§ **Data records**:
▶

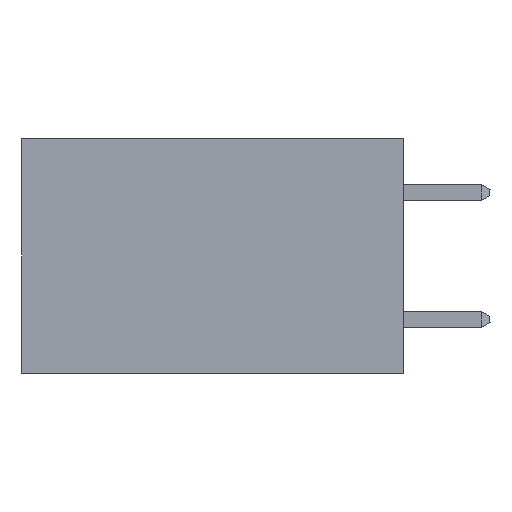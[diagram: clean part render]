
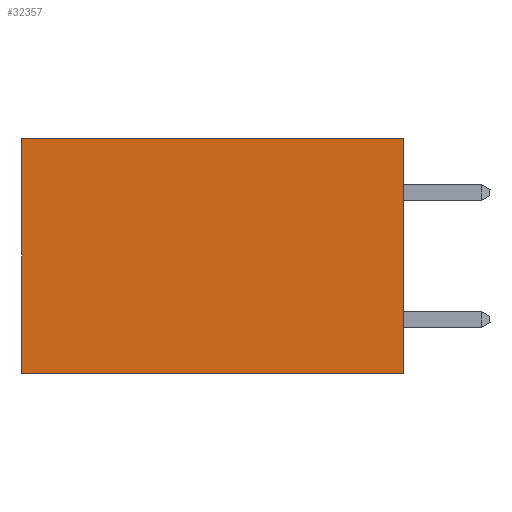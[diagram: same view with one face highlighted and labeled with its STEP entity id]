
A CAD part, left-side view. The second image highlights one B-rep face of the part: STEP entity #32357.
In plain terms, the highlighted planar face has unit normal (-1, 0, 0).
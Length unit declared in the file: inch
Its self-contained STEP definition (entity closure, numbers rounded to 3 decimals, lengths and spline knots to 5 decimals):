
#1623 = CARTESIAN_POINT ( 'NONE',  ( 0.2875, 0., 0. ) ) ;
#1764 = VERTEX_POINT ( 'NONE', #30921 ) ;
#2161 = DIRECTION ( 'NONE',  ( 0., 0., -1. ) ) ;
#2675 = LINE ( 'NONE', #16467, #3827 ) ;
#3013 = PLANE ( 'NONE',  #22933 ) ;
#3535 = ORIENTED_EDGE ( 'NONE', *, *, #15642, .F. ) ;
#3827 = VECTOR ( 'NONE', #2161, 39.37008 ) ;
#7677 = VECTOR ( 'NONE', #17593, 39.37008 ) ;
#7687 = DIRECTION ( 'NONE',  ( 0., 0., -1. ) ) ;
#8514 = FACE_OUTER_BOUND ( 'NONE', #14511, .T. ) ;
#9731 = LINE ( 'NONE', #27854, #22397 ) ;
#10199 = LINE ( 'NONE', #27157, #28822 ) ;
#13163 = ORIENTED_EDGE ( 'NONE', *, *, #20071, .T. ) ;
#14511 = EDGE_LOOP ( 'NONE', ( #13163, #3535, #28302, #31554 ) ) ;
#15642 = EDGE_CURVE ( 'NONE', #30937, #1764, #16727, .T. ) ;
#16467 = CARTESIAN_POINT ( 'NONE',  ( 0.2875, 0.6, 0. ) ) ;
#16727 = LINE ( 'NONE', #27665, #7677 ) ;
#17593 = DIRECTION ( 'NONE',  ( 0., 1., 0. ) ) ;
#17914 = DIRECTION ( 'NONE',  ( 1., 0., 0. ) ) ;
#20071 = EDGE_CURVE ( 'NONE', #31654, #1764, #2675, .T. ) ;
#20657 = CARTESIAN_POINT ( 'NONE',  ( 0.2875, 0., 0. ) ) ;
#22203 = CARTESIAN_POINT ( 'NONE',  ( 0.2875, 0.6, 0. ) ) ;
#22397 = VECTOR ( 'NONE', #32657, 39.37008 ) ;
#22933 = AXIS2_PLACEMENT_3D ( 'NONE', #20657, #17914, #7687 ) ;
#24709 = CARTESIAN_POINT ( 'NONE',  ( 0.2875, 0., -0.37 ) ) ;
#24743 = DIRECTION ( 'NONE',  ( 0., 1., 0. ) ) ;
#24805 = EDGE_CURVE ( 'NONE', #29007, #30937, #9731, .T. ) ;
#27157 = CARTESIAN_POINT ( 'NONE',  ( 0.2875, 0., 0. ) ) ;
#27665 = CARTESIAN_POINT ( 'NONE',  ( 0.2875, 0., -0.37 ) ) ;
#27854 = CARTESIAN_POINT ( 'NONE',  ( 0.2875, 0., 0. ) ) ;
#28302 = ORIENTED_EDGE ( 'NONE', *, *, #24805, .F. ) ;
#28822 = VECTOR ( 'NONE', #24743, 39.37008 ) ;
#29007 = VERTEX_POINT ( 'NONE', #1623 ) ;
#30364 = EDGE_CURVE ( 'NONE', #29007, #31654, #10199, .T. ) ;
#30921 = CARTESIAN_POINT ( 'NONE',  ( 0.2875, 0.6, -0.37 ) ) ;
#30937 = VERTEX_POINT ( 'NONE', #24709 ) ;
#31554 = ORIENTED_EDGE ( 'NONE', *, *, #30364, .T. ) ;
#31654 = VERTEX_POINT ( 'NONE', #22203 ) ;
#32357 = ADVANCED_FACE ( 'NONE', ( #8514 ), #3013, .F. ) ;
#32657 = DIRECTION ( 'NONE',  ( 0., 0., -1. ) ) ;
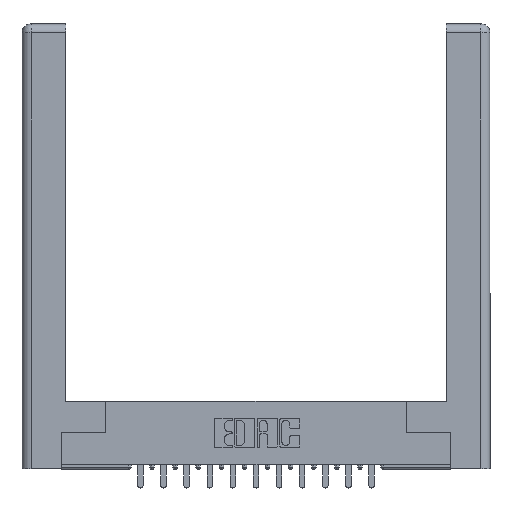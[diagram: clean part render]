
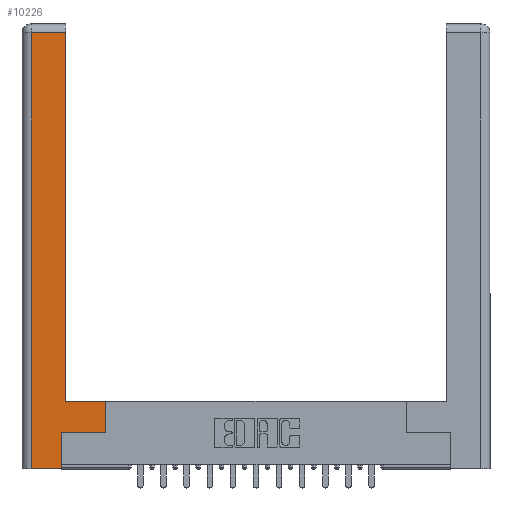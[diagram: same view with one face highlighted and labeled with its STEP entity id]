
A CAD part, top view. The second image highlights one B-rep face of the part: STEP entity #10226.
In plain terms, the highlighted planar face has unit normal (0, 0, 1).
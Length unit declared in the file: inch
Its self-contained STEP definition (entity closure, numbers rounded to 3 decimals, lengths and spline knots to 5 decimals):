
#55 = CARTESIAN_POINT ( 'NONE',  ( 0.565, 0.245, 0. ) ) ;
#1100 = VERTEX_POINT ( 'NONE', #11509 ) ;
#1448 = ORIENTED_EDGE ( 'NONE', *, *, #14641, .T. ) ;
#1450 = AXIS2_PLACEMENT_3D ( 'NONE', #16126, #14905, #4556 ) ;
#1538 = FACE_OUTER_BOUND ( 'NONE', #4780, .T. ) ;
#1777 = EDGE_CURVE ( 'NONE', #10147, #3275, #10017, .T. ) ;
#2255 = ORIENTED_EDGE ( 'NONE', *, *, #14525, .T. ) ;
#2303 = CARTESIAN_POINT ( 'NONE',  ( 0.0615, 0., 0. ) ) ;
#2701 = DIRECTION ( 'NONE',  ( 1., 0., 0. ) ) ;
#2838 = CARTESIAN_POINT ( 'NONE',  ( 0.265, 0.245, 0. ) ) ;
#2991 = DIRECTION ( 'NONE',  ( 0., 1., 0. ) ) ;
#3275 = VERTEX_POINT ( 'NONE', #8768 ) ;
#3677 = CARTESIAN_POINT ( 'NONE',  ( 0.295, 3., 0. ) ) ;
#4225 = VECTOR ( 'NONE', #11649, 39.37008 ) ;
#4467 = EDGE_CURVE ( 'NONE', #3275, #1100, #10329, .T. ) ;
#4515 = CARTESIAN_POINT ( 'NONE',  ( 0.295, 0.45, 0. ) ) ;
#4555 = DIRECTION ( 'NONE',  ( 0., -1., 0. ) ) ;
#4556 = DIRECTION ( 'NONE',  ( -1., 0., 0. ) ) ;
#4780 = EDGE_LOOP ( 'NONE', ( #2255, #10273, #13498, #9783, #5486, #8302, #9704, #1448 ) ) ;
#4971 = VERTEX_POINT ( 'NONE', #12077 ) ;
#5188 = VERTEX_POINT ( 'NONE', #8233 ) ;
#5212 = LINE ( 'NONE', #16301, #7453 ) ;
#5486 = ORIENTED_EDGE ( 'NONE', *, *, #1777, .T. ) ;
#6513 = EDGE_CURVE ( 'NONE', #5188, #14644, #16106, .T. ) ;
#6706 = VERTEX_POINT ( 'NONE', #10993 ) ;
#6952 = CARTESIAN_POINT ( 'NONE',  ( 0.565, 0.45, 0. ) ) ;
#6996 = VECTOR ( 'NONE', #11242, 39.37008 ) ;
#7123 = EDGE_CURVE ( 'NONE', #1100, #6706, #10610, .T. ) ;
#7374 = VECTOR ( 'NONE', #12365, 39.37008 ) ;
#7453 = VECTOR ( 'NONE', #4555, 39.37008 ) ;
#8078 = VECTOR ( 'NONE', #2701, 39.37008 ) ;
#8233 = CARTESIAN_POINT ( 'NONE',  ( 0.295, 2.94, 0. ) ) ;
#8302 = ORIENTED_EDGE ( 'NONE', *, *, #4467, .T. ) ;
#8397 = PLANE ( 'NONE',  #1450 ) ;
#8466 = LINE ( 'NONE', #3677, #8889 ) ;
#8661 = CARTESIAN_POINT ( 'NONE',  ( 0.0615, 2.94, 0. ) ) ;
#8768 = CARTESIAN_POINT ( 'NONE',  ( 0.265, 0.245, 0. ) ) ;
#8889 = VECTOR ( 'NONE', #10118, 39.37008 ) ;
#9475 = LINE ( 'NONE', #4515, #10279 ) ;
#9704 = ORIENTED_EDGE ( 'NONE', *, *, #7123, .T. ) ;
#9783 = ORIENTED_EDGE ( 'NONE', *, *, #10606, .T. ) ;
#10017 = LINE ( 'NONE', #2838, #7374 ) ;
#10118 = DIRECTION ( 'NONE',  ( 0., 1., 0. ) ) ;
#10147 = VERTEX_POINT ( 'NONE', #15814 ) ;
#10226 = ADVANCED_FACE ( 'NONE', ( #1538 ), #8397, .F. ) ;
#10273 = ORIENTED_EDGE ( 'NONE', *, *, #6513, .T. ) ;
#10279 = VECTOR ( 'NONE', #16608, 39.37008 ) ;
#10329 = LINE ( 'NONE', #55, #4225 ) ;
#10606 = EDGE_CURVE ( 'NONE', #13292, #10147, #14965, .T. ) ;
#10610 = LINE ( 'NONE', #6952, #16292 ) ;
#10993 = CARTESIAN_POINT ( 'NONE',  ( 0.565, 0.45, 0. ) ) ;
#11242 = DIRECTION ( 'NONE',  ( -1., 0., 0. ) ) ;
#11455 = EDGE_CURVE ( 'NONE', #14644, #13292, #5212, .T. ) ;
#11509 = CARTESIAN_POINT ( 'NONE',  ( 0.565, 0.245, 0. ) ) ;
#11649 = DIRECTION ( 'NONE',  ( 1., 0., 0. ) ) ;
#11723 = CARTESIAN_POINT ( 'NONE',  ( 0.265, 0., 0. ) ) ;
#12077 = CARTESIAN_POINT ( 'NONE',  ( 0.295, 0.45, 0. ) ) ;
#12365 = DIRECTION ( 'NONE',  ( 0., 1., 0. ) ) ;
#13292 = VERTEX_POINT ( 'NONE', #2303 ) ;
#13498 = ORIENTED_EDGE ( 'NONE', *, *, #11455, .T. ) ;
#13952 = CARTESIAN_POINT ( 'NONE',  ( 0.0615, 2.94, 0. ) ) ;
#14525 = EDGE_CURVE ( 'NONE', #4971, #5188, #8466, .T. ) ;
#14641 = EDGE_CURVE ( 'NONE', #6706, #4971, #9475, .T. ) ;
#14644 = VERTEX_POINT ( 'NONE', #13952 ) ;
#14905 = DIRECTION ( 'NONE',  ( 0., 0., -1. ) ) ;
#14965 = LINE ( 'NONE', #11723, #8078 ) ;
#15814 = CARTESIAN_POINT ( 'NONE',  ( 0.265, 0., 0. ) ) ;
#16106 = LINE ( 'NONE', #8661, #6996 ) ;
#16126 = CARTESIAN_POINT ( 'NONE',  ( 0., 0., 0. ) ) ;
#16292 = VECTOR ( 'NONE', #2991, 39.37008 ) ;
#16301 = CARTESIAN_POINT ( 'NONE',  ( 0.0615, 0., 0. ) ) ;
#16608 = DIRECTION ( 'NONE',  ( -1., 0., 0. ) ) ;

◀

§ **Brief**: Only those lines of the entries above that run from the line containing "#4971 = VERTEX_POINT ( 'NONE', #12077 ) ;" to the line containing "#6513 = EDGE_CURVE", both included, should be transcribed exactly.

§ **Response to this task**:
#4971 = VERTEX_POINT ( 'NONE', #12077 ) ;
#5188 = VERTEX_POINT ( 'NONE', #8233 ) ;
#5212 = LINE ( 'NONE', #16301, #7453 ) ;
#5486 = ORIENTED_EDGE ( 'NONE', *, *, #1777, .T. ) ;
#6513 = EDGE_CURVE ( 'NONE', #5188, #14644, #16106, .T. ) ;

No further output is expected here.